TASK PROMPT: Reproduce the complete set of records exactly. No picture is to appear in the copy.

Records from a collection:
--
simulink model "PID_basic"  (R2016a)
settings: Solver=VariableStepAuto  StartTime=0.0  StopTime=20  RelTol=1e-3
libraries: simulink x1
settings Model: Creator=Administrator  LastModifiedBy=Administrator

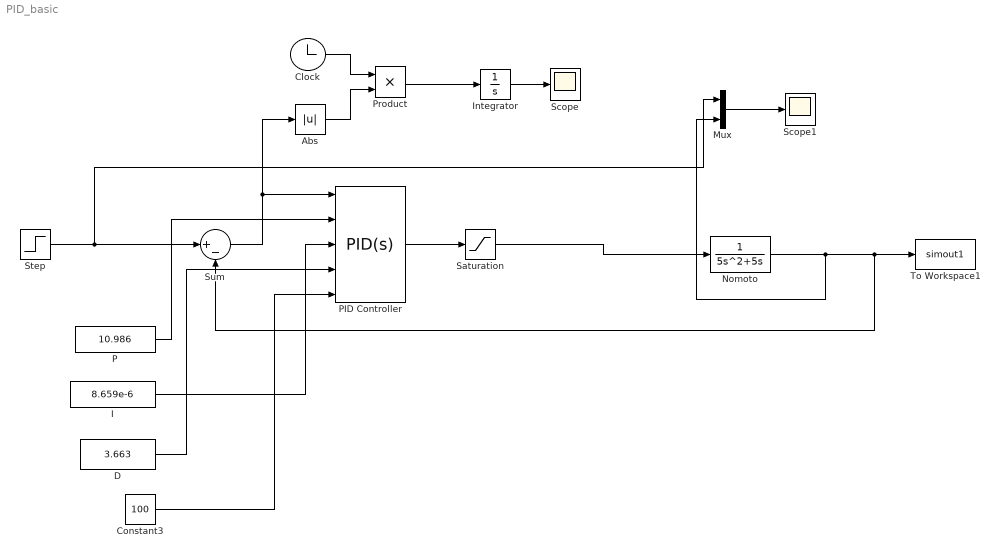
== system PID_basic ==
  Abs : Abs
  Clock : Clock
  Constant3 : Constant  Value=100
  D : Constant  Value=3.663
  I : Constant  Value=8.659e-6
  Integrator : Integrator
  Mux : Mux  Inputs=2
  Nomoto : TransferFcn  Denominator=[5 5 0]
  P : Constant  Value=10.986
  PID Controller : simulink/Continuous/PID Controller  Controller=PID  TimeDomain=Continuous-time  SampleTime=-1  IntegratorMethod=Forward Euler  FilterMethod=Forward Euler  Form=Parallel  UseFilter=on  ControllerParametersSource=external  P=1  I=1  D=0  N=100  InitialConditionSource=internal  InitialConditionForIntegrator=0  InitialConditionForFilter=0  ExternalReset=none  IgnoreLimit=on  ZeroCross=off  LimitOutput=off  UpperSaturationLimit=inf  LowerSaturationLimit=-inf  LinearizeAsGain=on  AntiWindupMode=none  Kb=1  TrackingMode=off  Kt=1  PParamMin=[]  PParamMax=[]  IParamMin=[]  IParamMax=[]  DParamMin=[]  DParamMax=[]  NParamMin=[]  NParamMax=[]  KbParamMin=[]  KbParamMax=[]  KtParamMin=[]  KtParamMax=[]  POutMin=[]  POutMax=[]  IOutMin=[]  IOutMax=[]  DOutMin=[]  DOutMax=[]  NOutMin=[]  NOutMax=[]  KbOutMin=[]  KbOutMax=[]  KtOutMin=[]  KtOutMax=[]  IntegratorOutMin=[]  IntegratorOutMax=[]  FilterOutMin=[]  FilterOutMax=[]  SumOutMin=[]  SumOutMax=[]  SumI1OutMin=[]  SumI1OutMax=[]  SumI2OutMin=[]  SumI2OutMax=[]  SumI3OutMin=[]  SumI3OutMax=[]  SumDOutMin=[]  SumDOutMax=[]  SaturationOutMin=[]  SaturationOutMax=[]  IntegratorContinuousStateAttributes=''  IntegratorStateMustResolveToSignalObject=off  IntegratorRTWStateStorageClass=Auto  FilterContinuousStateAttributes=''  FilterStateMustResolveToSignalObject=off  FilterRTWStateStorageClass=Auto  DifferentiatorICPrevScaledInput=0  DifferentiatorOutMin=[]  DifferentiatorOutMax=[]
  Product : Product
  Saturation : Saturate  UpperLimit=2  LowerLimit=-2
  Scope : Scope
  Scope1 : Scope
  Step : Step  Time=10  SampleTime=0
  Sum : Sum  Inputs=|+-
  To Workspace1 : ToWorkspace  VariableName=simout1  SampleTime=-1
  wires:
  Step/1 -> Mux/1, Sum/1
  Nomoto/1 -> Mux/2, To Workspace1/1, Sum/2
  Clock/1 -> Product/1
  Sum/1 -> Abs/1, PID Controller/1
  Product/1 -> Integrator/1
  Saturation/1 -> Nomoto/1
  Abs/1 -> Product/2
  PID Controller/1 -> Saturation/1
  Constant3/1 -> PID Controller/5
  D/1 -> PID Controller/4
  I/1 -> PID Controller/3
  P/1 -> PID Controller/2
  Integrator/1 -> Scope/1
  Mux/1 -> Scope1/1
--
EXPECTED ANSWER:
simulink model "PID_basic"  (R2016a)
settings: Solver=VariableStepAuto  StartTime=0.0  StopTime=20  RelTol=1e-3
libraries: simulink x1
settings Model: Creator=Administrator  LastModifiedBy=Administrator

== system PID_basic ==
  Abs : Abs
  Clock : Clock
  Constant3 : Constant  Value=100
  D : Constant  Value=3.663
  I : Constant  Value=8.659e-6
  Integrator : Integrator
  Mux : Mux  Inputs=2
  Nomoto : TransferFcn  Denominator=[5 5 0]
  P : Constant  Value=10.986
  PID Controller : simulink/Continuous/PID Controller  Controller=PID  TimeDomain=Continuous-time  SampleTime=-1  IntegratorMethod=Forward Euler  FilterMethod=Forward Euler  Form=Parallel  UseFilter=on  ControllerParametersSource=external  P=1  I=1  D=0  N=100  InitialConditionSource=internal  InitialConditionForIntegrator=0  InitialConditionForFilter=0  ExternalReset=none  IgnoreLimit=on  ZeroCross=off  LimitOutput=off  UpperSaturationLimit=inf  LowerSaturationLimit=-inf  LinearizeAsGain=on  AntiWindupMode=none  Kb=1  TrackingMode=off  Kt=1  PParamMin=[]  PParamMax=[]  IParamMin=[]  IParamMax=[]  DParamMin=[]  DParamMax=[]  NParamMin=[]  NParamMax=[]  KbParamMin=[]  KbParamMax=[]  KtParamMin=[]  KtParamMax=[]  POutMin=[]  POutMax=[]  IOutMin=[]  IOutMax=[]  DOutMin=[]  DOutMax=[]  NOutMin=[]  NOutMax=[]  KbOutMin=[]  KbOutMax=[]  KtOutMin=[]  KtOutMax=[]  IntegratorOutMin=[]  IntegratorOutMax=[]  FilterOutMin=[]  FilterOutMax=[]  SumOutMin=[]  SumOutMax=[]  SumI1OutMin=[]  SumI1OutMax=[]  SumI2OutMin=[]  SumI2OutMax=[]  SumI3OutMin=[]  SumI3OutMax=[]  SumDOutMin=[]  SumDOutMax=[]  SaturationOutMin=[]  SaturationOutMax=[]  IntegratorContinuousStateAttributes=''  IntegratorStateMustResolveToSignalObject=off  IntegratorRTWStateStorageClass=Auto  FilterContinuousStateAttributes=''  FilterStateMustResolveToSignalObject=off  FilterRTWStateStorageClass=Auto  DifferentiatorICPrevScaledInput=0  DifferentiatorOutMin=[]  DifferentiatorOutMax=[]
  Product : Product
  Saturation : Saturate  UpperLimit=2  LowerLimit=-2
  Scope : Scope
  Scope1 : Scope
  Step : Step  Time=10  SampleTime=0
  Sum : Sum  Inputs=|+-
  To Workspace1 : ToWorkspace  VariableName=simout1  SampleTime=-1
  wires:
  Step/1 -> Mux/1, Sum/1
  Nomoto/1 -> Mux/2, To Workspace1/1, Sum/2
  Clock/1 -> Product/1
  Sum/1 -> Abs/1, PID Controller/1
  Product/1 -> Integrator/1
  Saturation/1 -> Nomoto/1
  Abs/1 -> Product/2
  PID Controller/1 -> Saturation/1
  Constant3/1 -> PID Controller/5
  D/1 -> PID Controller/4
  I/1 -> PID Controller/3
  P/1 -> PID Controller/2
  Integrator/1 -> Scope/1
  Mux/1 -> Scope1/1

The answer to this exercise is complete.